Bosnia and Herzegovina Ambassador to the United States
- In office 16 September 2019 – 30 June 2023
- Preceded by: Haris Hrle
- Succeeded by: Sven Alkalaj

Personal details
- Born: 6 June 1974 (age 50) Ljubljana, SR Slovenia, SFR Yugoslavia
- Tennis career
- Country (sports): Yugoslavia Bosnia and Herzegovina
- Prize money: $12,240

Singles
- Career record: 15–6 (Davis Cup)
- Highest ranking: No. 275 (9 September 1996)

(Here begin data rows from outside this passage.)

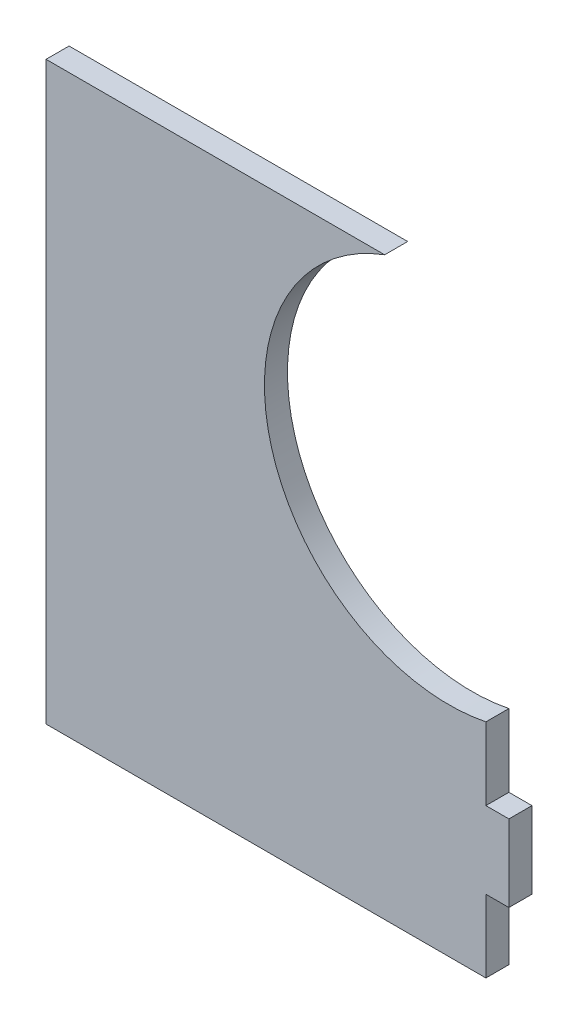
ISO-10303-21;
HEADER;
FILE_DESCRIPTION(('STEP AP214'),'2;1');
FILE_NAME('part.step','',(''),(''),'','','');
FILE_SCHEMA(('AUTOMOTIVE_DESIGN { 1 0 10303 214 1 1 1 1 }'));
ENDSEC;
DATA;
#1=APPLICATION_CONTEXT('core data for automotive mechanical design processes');
#2=APPLICATION_PROTOCOL_DEFINITION('international standard','automotive_design',2000,#1);
#3=PRODUCT_CONTEXT('',#1,'mechanical');
#4=PRODUCT('Part','Part','',(#3));
#5=PRODUCT_RELATED_PRODUCT_CATEGORY('part','',(#4));
#6=PRODUCT_DEFINITION_FORMATION('','',#4);
#7=PRODUCT_DEFINITION_CONTEXT('part definition',#1,'design');
#8=PRODUCT_DEFINITION('design','',#6,#7);
#9=PRODUCT_DEFINITION_SHAPE('','',#8);
#10=(LENGTH_UNIT() NAMED_UNIT(*) SI_UNIT(.MILLI.,.METRE.));
#11=(NAMED_UNIT(*) PLANE_ANGLE_UNIT() SI_UNIT($,.RADIAN.));
#12=(NAMED_UNIT(*) SI_UNIT($,.STERADIAN.) SOLID_ANGLE_UNIT());
#13=UNCERTAINTY_MEASURE_WITH_UNIT(LENGTH_MEASURE(1.E-05),#10,'distance_accuracy_value','');
#14=(GEOMETRIC_REPRESENTATION_CONTEXT(3) GLOBAL_UNCERTAINTY_ASSIGNED_CONTEXT((#13)) GLOBAL_UNIT_ASSIGNED_CONTEXT((#10,
#11,#12)) REPRESENTATION_CONTEXT('',''));
#15=CARTESIAN_POINT('',(0.,0.,0.));
#16=DIRECTION('',(0.,0.,1.));
#17=DIRECTION('',(1.,0.,0.));
#18=AXIS2_PLACEMENT_3D('',#15,#16,#17);
#19=CARTESIAN_POINT('',(-3.,10.2884069599617,3.));
#20=DIRECTION('',(-1.,0.,0.));
#21=DIRECTION('',(0.,0.,1.));
#22=AXIS2_PLACEMENT_3D('',#19,#20,#21);
#23=PLANE('',#22);
#24=DIRECTION('',(0.,1.,0.));
#25=VECTOR('',#24,1.);
#26=CARTESIAN_POINT('',(-3.,10.2884069599617,0.));
#27=LINE('',#26,#25);
#28=CARTESIAN_POINT('',(-3.,0.838406959961723,0.));
#29=VERTEX_POINT('',#28);
#30=CARTESIAN_POINT('',(-3.,10.2884069599617,0.));
#31=VERTEX_POINT('',#30);
#32=EDGE_CURVE('E135',#29,#31,#27,.T.);
#33=ORIENTED_EDGE('',*,*,#32,.T.);
#34=DIRECTION('',(0.,0.,-1.));
#35=VECTOR('',#34,1.);
#36=CARTESIAN_POINT('',(-3.,10.2884069599617,3.));
#37=LINE('',#36,#35);
#38=CARTESIAN_POINT('',(-3.,10.2884069599617,3.));
#39=VERTEX_POINT('',#38);
#40=EDGE_CURVE('E11',#39,#31,#37,.T.);
#41=ORIENTED_EDGE('',*,*,#40,.F.);
#42=DIRECTION('',(0.,1.,0.));
#43=VECTOR('',#42,1.);
#44=CARTESIAN_POINT('',(-3.,10.2884069599617,3.));
#45=LINE('',#44,#43);
#46=CARTESIAN_POINT('',(-3.,0.838406959961723,3.));
#47=VERTEX_POINT('',#46);
#48=EDGE_CURVE('E151',#47,#39,#45,.T.);
#49=ORIENTED_EDGE('',*,*,#48,.F.);
#50=DIRECTION('',(0.,0.,-1.));
#51=VECTOR('',#50,1.);
#52=CARTESIAN_POINT('',(-3.,0.838406959961723,3.));
#53=LINE('',#52,#51);
#54=EDGE_CURVE('E131',#47,#29,#53,.T.);
#55=ORIENTED_EDGE('',*,*,#54,.T.);
#56=EDGE_LOOP('',(#33,#41,#49,#55));
#57=FACE_BOUND('',#56,.T.);
#58=ADVANCED_FACE('F33',(#57),#23,.F.);
#59=CARTESIAN_POINT('',(-3.,10.2884069599617,3.));
#60=DIRECTION('',(0.,1.,0.));
#61=DIRECTION('',(0.,0.,1.));
#62=AXIS2_PLACEMENT_3D('',#59,#60,#61);
#63=PLANE('',#62);
#64=DIRECTION('',(1.,0.,0.));
#65=VECTOR('',#64,1.);
#66=CARTESIAN_POINT('',(-3.,10.2884069599617,0.));
#67=LINE('',#66,#65);
#68=CARTESIAN_POINT('',(0.,10.2884069599617,0.));
#69=VERTEX_POINT('',#68);
#70=EDGE_CURVE('E138',#31,#69,#67,.T.);
#71=ORIENTED_EDGE('',*,*,#70,.T.);
#72=DIRECTION('',(0.,0.,-1.));
#73=VECTOR('',#72,1.);
#74=CARTESIAN_POINT('',(0.,10.2884069599617,3.));
#75=LINE('',#74,#73);
#76=CARTESIAN_POINT('',(0.,10.2884069599617,3.));
#77=VERTEX_POINT('',#76);
#78=EDGE_CURVE('E41',#77,#69,#75,.T.);
#79=ORIENTED_EDGE('',*,*,#78,.F.);
#80=DIRECTION('',(1.,0.,0.));
#81=VECTOR('',#80,1.);
#82=CARTESIAN_POINT('',(-3.,10.2884069599617,3.));
#83=LINE('',#82,#81);
#84=EDGE_CURVE('E95',#39,#77,#83,.T.);
#85=ORIENTED_EDGE('',*,*,#84,.F.);
#86=ORIENTED_EDGE('',*,*,#40,.T.);
#87=EDGE_LOOP('',(#71,#79,#85,#86));
#88=FACE_BOUND('',#87,.T.);
#89=ADVANCED_FACE('F194',(#88),#63,.F.);
#90=CARTESIAN_POINT('',(0.,10.2884069599617,3.));
#91=DIRECTION('',(-1.,0.,0.));
#92=DIRECTION('',(0.,0.,1.));
#93=AXIS2_PLACEMENT_3D('',#90,#91,#92);
#94=PLANE('',#93);
#95=DIRECTION('',(0.,1.,0.));
#96=VECTOR('',#95,1.);
#97=CARTESIAN_POINT('',(0.,10.2884069599617,0.));
#98=LINE('',#97,#96);
#99=CARTESIAN_POINT('',(0.,20.2884069599617,0.));
#100=VERTEX_POINT('',#99);
#101=EDGE_CURVE('E140',#69,#100,#98,.T.);
#102=ORIENTED_EDGE('',*,*,#101,.T.);
#103=DIRECTION('',(0.,0.,-1.));
#104=VECTOR('',#103,1.);
#105=CARTESIAN_POINT('',(0.,20.2884069599617,3.));
#106=LINE('',#105,#104);
#107=CARTESIAN_POINT('',(0.,20.2884069599617,3.));
#108=VERTEX_POINT('',#107);
#109=EDGE_CURVE('E161',#108,#100,#106,.T.);
#110=ORIENTED_EDGE('',*,*,#109,.F.);
#111=DIRECTION('',(0.,1.,0.));
#112=VECTOR('',#111,1.);
#113=CARTESIAN_POINT('',(0.,10.2884069599617,3.));
#114=LINE('',#113,#112);
#115=EDGE_CURVE('E169',#77,#108,#114,.T.);
#116=ORIENTED_EDGE('',*,*,#115,.F.);
#117=ORIENTED_EDGE('',*,*,#78,.T.);
#118=EDGE_LOOP('',(#102,#110,#116,#117));
#119=FACE_BOUND('',#118,.T.);
#120=ADVANCED_FACE('F167',(#119),#94,.F.);
#121=CARTESIAN_POINT('',(0.,20.2884069599617,3.));
#122=DIRECTION('',(0.,-1.,0.));
#123=DIRECTION('',(0.,0.,-1.));
#124=AXIS2_PLACEMENT_3D('',#121,#122,#123);
#125=PLANE('',#124);
#126=DIRECTION('',(-1.,0.,0.));
#127=VECTOR('',#126,1.);
#128=CARTESIAN_POINT('',(0.,20.2884069599617,0.));
#129=LINE('',#128,#127);
#130=CARTESIAN_POINT('',(-3.,20.2884069599617,0.));
#131=VERTEX_POINT('',#130);
#132=EDGE_CURVE('E142',#100,#131,#129,.T.);
#133=ORIENTED_EDGE('',*,*,#132,.T.);
#134=DIRECTION('',(0.,0.,-1.));
#135=VECTOR('',#134,1.);
#136=CARTESIAN_POINT('',(-3.,20.2884069599617,3.));
#137=LINE('',#136,#135);
#138=CARTESIAN_POINT('',(-3.,20.2884069599617,3.));
#139=VERTEX_POINT('',#138);
#140=EDGE_CURVE('E158',#139,#131,#137,.T.);
#141=ORIENTED_EDGE('',*,*,#140,.F.);
#142=DIRECTION('',(-1.,0.,0.));
#143=VECTOR('',#142,1.);
#144=CARTESIAN_POINT('',(0.,20.2884069599617,3.));
#145=LINE('',#144,#143);
#146=EDGE_CURVE('E185',#108,#139,#145,.T.);
#147=ORIENTED_EDGE('',*,*,#146,.F.);
#148=ORIENTED_EDGE('',*,*,#109,.T.);
#149=EDGE_LOOP('',(#133,#141,#147,#148));
#150=FACE_BOUND('',#149,.T.);
#151=ADVANCED_FACE('F178',(#150),#125,.F.);
#152=CARTESIAN_POINT('',(-3.,20.2884069599617,3.));
#153=DIRECTION('',(-1.,0.,0.));
#154=DIRECTION('',(0.,0.,1.));
#155=AXIS2_PLACEMENT_3D('',#152,#153,#154);
#156=PLANE('',#155);
#157=DIRECTION('',(0.,1.,0.));
#158=VECTOR('',#157,1.);
#159=CARTESIAN_POINT('',(-3.,20.2884069599617,0.));
#160=LINE('',#159,#158);
#161=CARTESIAN_POINT('',(-2.99999999999999,29.7384069599617,0.));
#162=VERTEX_POINT('',#161);
#163=EDGE_CURVE('E144',#131,#162,#160,.T.);
#164=ORIENTED_EDGE('',*,*,#163,.T.);
#165=DIRECTION('',(0.,0.,-1.));
#166=VECTOR('',#165,1.);
#167=CARTESIAN_POINT('',(-2.99999999999999,29.7384069599617,3.));
#168=LINE('',#167,#166);
#169=CARTESIAN_POINT('',(-2.99999999999999,29.7384069599617,3.));
#170=VERTEX_POINT('',#169);
#171=EDGE_CURVE('E155',#170,#162,#168,.T.);
#172=ORIENTED_EDGE('',*,*,#171,.F.);
#173=DIRECTION('',(0.,1.,0.));
#174=VECTOR('',#173,1.);
#175=CARTESIAN_POINT('',(-3.,20.2884069599617,3.));
#176=LINE('',#175,#174);
#177=EDGE_CURVE('E184',#139,#170,#176,.T.);
#178=ORIENTED_EDGE('',*,*,#177,.F.);
#179=ORIENTED_EDGE('',*,*,#140,.T.);
#180=EDGE_LOOP('',(#164,#172,#178,#179));
#181=FACE_BOUND('',#180,.T.);
#182=ADVANCED_FACE('F182',(#181),#156,.F.);
#183=CARTESIAN_POINT('',(-7.79999999999999,53.3016069599617,3.));
#184=DIRECTION('',(0.,0.,-1.));
#185=DIRECTION('',(-1.,0.,0.));
#186=AXIS2_PLACEMENT_3D('',#183,#184,#185);
#187=CYLINDRICAL_SURFACE('',#186,24.0471286069668);
#188=CARTESIAN_POINT('',(-7.79999999999999,53.3016069599617,0.));
#189=DIRECTION('',(0.,0.,-1.));
#190=DIRECTION('',(-1.,0.,0.));
#191=AXIS2_PLACEMENT_3D('',#188,#189,#190);
#192=CIRCLE('',#191,24.0471286069668);
#193=CARTESIAN_POINT('',(-16.1879103476373,75.8384069599617,0.));
#194=VERTEX_POINT('',#193);
#195=EDGE_CURVE('E146',#162,#194,#192,.T.);
#196=ORIENTED_EDGE('',*,*,#195,.T.);
#197=DIRECTION('',(0.,0.,-1.));
#198=VECTOR('',#197,1.);
#199=CARTESIAN_POINT('',(-16.1879103476373,75.8384069599617,3.));
#200=LINE('',#199,#198);
#201=CARTESIAN_POINT('',(-16.1879103476373,75.8384069599617,3.));
#202=VERTEX_POINT('',#201);
#203=EDGE_CURVE('E126',#202,#194,#200,.T.);
#204=ORIENTED_EDGE('',*,*,#203,.F.);
#205=CARTESIAN_POINT('',(-7.79999999999999,53.3016069599617,3.));
#206=DIRECTION('',(0.,0.,-1.));
#207=DIRECTION('',(-1.,0.,0.));
#208=AXIS2_PLACEMENT_3D('',#205,#206,#207);
#209=CIRCLE('',#208,24.0471286069668);
#210=EDGE_CURVE('E117',#170,#202,#209,.T.);
#211=ORIENTED_EDGE('',*,*,#210,.F.);
#212=ORIENTED_EDGE('',*,*,#171,.T.);
#213=EDGE_LOOP('',(#196,#204,#211,#212));
#214=FACE_BOUND('',#213,.T.);
#215=ADVANCED_FACE('F206',(#214),#187,.F.);
#216=CARTESIAN_POINT('',(-60.3,75.8384069599617,3.));
#217=DIRECTION('',(0.,-1.,0.));
#218=DIRECTION('',(0.,0.,-1.));
#219=AXIS2_PLACEMENT_3D('',#216,#217,#218);
#220=PLANE('',#219);
#221=DIRECTION('',(-1.,0.,0.));
#222=VECTOR('',#221,1.);
#223=CARTESIAN_POINT('',(-60.3,75.8384069599617,0.));
#224=LINE('',#223,#222);
#225=CARTESIAN_POINT('',(-60.3,75.8384069599617,0.));
#226=VERTEX_POINT('',#225);
#227=EDGE_CURVE('E125',#194,#226,#224,.T.);
#228=ORIENTED_EDGE('',*,*,#227,.T.);
#229=DIRECTION('',(0.,0.,-1.));
#230=VECTOR('',#229,1.);
#231=CARTESIAN_POINT('',(-60.3,75.8384069599617,3.));
#232=LINE('',#231,#230);
#233=CARTESIAN_POINT('',(-60.3,75.8384069599617,3.));
#234=VERTEX_POINT('',#233);
#235=EDGE_CURVE('E122',#234,#226,#232,.T.);
#236=ORIENTED_EDGE('',*,*,#235,.F.);
#237=DIRECTION('',(-1.,0.,0.));
#238=VECTOR('',#237,1.);
#239=CARTESIAN_POINT('',(-60.3,75.8384069599617,3.));
#240=LINE('',#239,#238);
#241=EDGE_CURVE('E111',#202,#234,#240,.T.);
#242=ORIENTED_EDGE('',*,*,#241,.F.);
#243=ORIENTED_EDGE('',*,*,#203,.T.);
#244=EDGE_LOOP('',(#228,#236,#242,#243));
#245=FACE_BOUND('',#244,.T.);
#246=ADVANCED_FACE('F123',(#245),#220,.F.);
#247=CARTESIAN_POINT('',(-60.3,0.838406959961716,3.));
#248=DIRECTION('',(1.,0.,0.));
#249=DIRECTION('',(0.,0.,-1.));
#250=AXIS2_PLACEMENT_3D('',#247,#248,#249);
#251=PLANE('',#250);
#252=DIRECTION('',(0.,-1.,0.));
#253=VECTOR('',#252,1.);
#254=CARTESIAN_POINT('',(-60.3,0.838406959961716,0.));
#255=LINE('',#254,#253);
#256=CARTESIAN_POINT('',(-60.3,0.838406959961716,0.));
#257=VERTEX_POINT('',#256);
#258=EDGE_CURVE('E81',#226,#257,#255,.T.);
#259=ORIENTED_EDGE('',*,*,#258,.T.);
#260=DIRECTION('',(0.,0.,-1.));
#261=VECTOR('',#260,1.);
#262=CARTESIAN_POINT('',(-60.3,0.838406959961716,3.));
#263=LINE('',#262,#261);
#264=CARTESIAN_POINT('',(-60.3,0.838406959961716,3.));
#265=VERTEX_POINT('',#264);
#266=EDGE_CURVE('E127',#265,#257,#263,.T.);
#267=ORIENTED_EDGE('',*,*,#266,.F.);
#268=DIRECTION('',(0.,-1.,0.));
#269=VECTOR('',#268,1.);
#270=CARTESIAN_POINT('',(-60.3,0.838406959961716,3.));
#271=LINE('',#270,#269);
#272=EDGE_CURVE('E115',#234,#265,#271,.T.);
#273=ORIENTED_EDGE('',*,*,#272,.F.);
#274=ORIENTED_EDGE('',*,*,#235,.T.);
#275=EDGE_LOOP('',(#259,#267,#273,#274));
#276=FACE_BOUND('',#275,.T.);
#277=ADVANCED_FACE('F129',(#276),#251,.F.);
#278=CARTESIAN_POINT('',(-3.,0.838406959961723,3.));
#279=DIRECTION('',(0.,1.,0.));
#280=DIRECTION('',(-1.,0.,0.));
#281=AXIS2_PLACEMENT_3D('',#278,#279,#280);
#282=PLANE('',#281);
#283=DIRECTION('',(1.,0.,0.));
#284=VECTOR('',#283,1.);
#285=CARTESIAN_POINT('',(-3.,0.838406959961723,0.));
#286=LINE('',#285,#284);
#287=EDGE_CURVE('E87',#257,#29,#286,.T.);
#288=ORIENTED_EDGE('',*,*,#287,.T.);
#289=ORIENTED_EDGE('',*,*,#54,.F.);
#290=DIRECTION('',(1.,0.,0.));
#291=VECTOR('',#290,1.);
#292=CARTESIAN_POINT('',(-3.,0.838406959961723,3.));
#293=LINE('',#292,#291);
#294=EDGE_CURVE('E49',#265,#47,#293,.T.);
#295=ORIENTED_EDGE('',*,*,#294,.F.);
#296=ORIENTED_EDGE('',*,*,#266,.T.);
#297=EDGE_LOOP('',(#288,#289,#295,#296));
#298=FACE_BOUND('',#297,.T.);
#299=ADVANCED_FACE('F214',(#298),#282,.F.);
#300=CARTESIAN_POINT('',(-7.79999999999999,53.3016069599617,3.));
#301=DIRECTION('',(0.,0.,-1.));
#302=DIRECTION('',(-1.,0.,0.));
#303=AXIS2_PLACEMENT_3D('',#300,#301,#302);
#304=PLANE('',#303);
#305=ORIENTED_EDGE('',*,*,#48,.T.);
#306=ORIENTED_EDGE('',*,*,#84,.T.);
#307=ORIENTED_EDGE('',*,*,#115,.T.);
#308=ORIENTED_EDGE('',*,*,#146,.T.);
#309=ORIENTED_EDGE('',*,*,#177,.T.);
#310=ORIENTED_EDGE('',*,*,#210,.T.);
#311=ORIENTED_EDGE('',*,*,#241,.T.);
#312=ORIENTED_EDGE('',*,*,#272,.T.);
#313=ORIENTED_EDGE('',*,*,#294,.T.);
#314=EDGE_LOOP('',(#305,#306,#307,#308,#309,#310,#311,#312,#313));
#315=FACE_BOUND('',#314,.T.);
#316=ADVANCED_FACE('F113',(#315),#304,.F.);
#317=CARTESIAN_POINT('',(-7.79999999999999,53.3016069599617,0.));
#318=DIRECTION('',(0.,0.,-1.));
#319=DIRECTION('',(-1.,0.,0.));
#320=AXIS2_PLACEMENT_3D('',#317,#318,#319);
#321=PLANE('',#320);
#322=ORIENTED_EDGE('',*,*,#32,.F.);
#323=ORIENTED_EDGE('',*,*,#287,.F.);
#324=ORIENTED_EDGE('',*,*,#258,.F.);
#325=ORIENTED_EDGE('',*,*,#227,.F.);
#326=ORIENTED_EDGE('',*,*,#195,.F.);
#327=ORIENTED_EDGE('',*,*,#163,.F.);
#328=ORIENTED_EDGE('',*,*,#132,.F.);
#329=ORIENTED_EDGE('',*,*,#101,.F.);
#330=ORIENTED_EDGE('',*,*,#70,.F.);
#331=EDGE_LOOP('',(#322,#323,#324,#325,#326,#327,#328,#329,#330));
#332=FACE_BOUND('',#331,.T.);
#333=ADVANCED_FACE('F173',(#332),#321,.T.);
#334=CLOSED_SHELL('',(#58,#89,#120,#151,#182,#215,#246,#277,#299,#316,#333));
#335=MANIFOLD_SOLID_BREP('B2',#334);
#336=ADVANCED_BREP_SHAPE_REPRESENTATION('',(#18,#335),#14);
#337=SHAPE_DEFINITION_REPRESENTATION(#9,#336);
ENDSEC;
END-ISO-10303-21;

Grand Slam singles results
- Australian Open: Q1 (1994, 1995)
- US Open: Q1 (1996)

Doubles
- Career record: 8–2 (Davis Cup)
- Highest ranking: No. 1092 (18 September 2006)

= Bojan Vujić =

Bosnian diplomat and tennis player

Bojan Vujić (born 6 June 1974) is a Bosnian diplomat and former professional tennis player who served as Bosnia and Herzegovina ambassador to the United States from 2019 to 2023.

As a tennis player, he competed in the Davis Cup for both the Federal Republic of Yugoslavia (1995–1997) and Bosnia and Herzegovina (2004–2006). Vujić reached a career high singles ranking of 275 on the professional tour.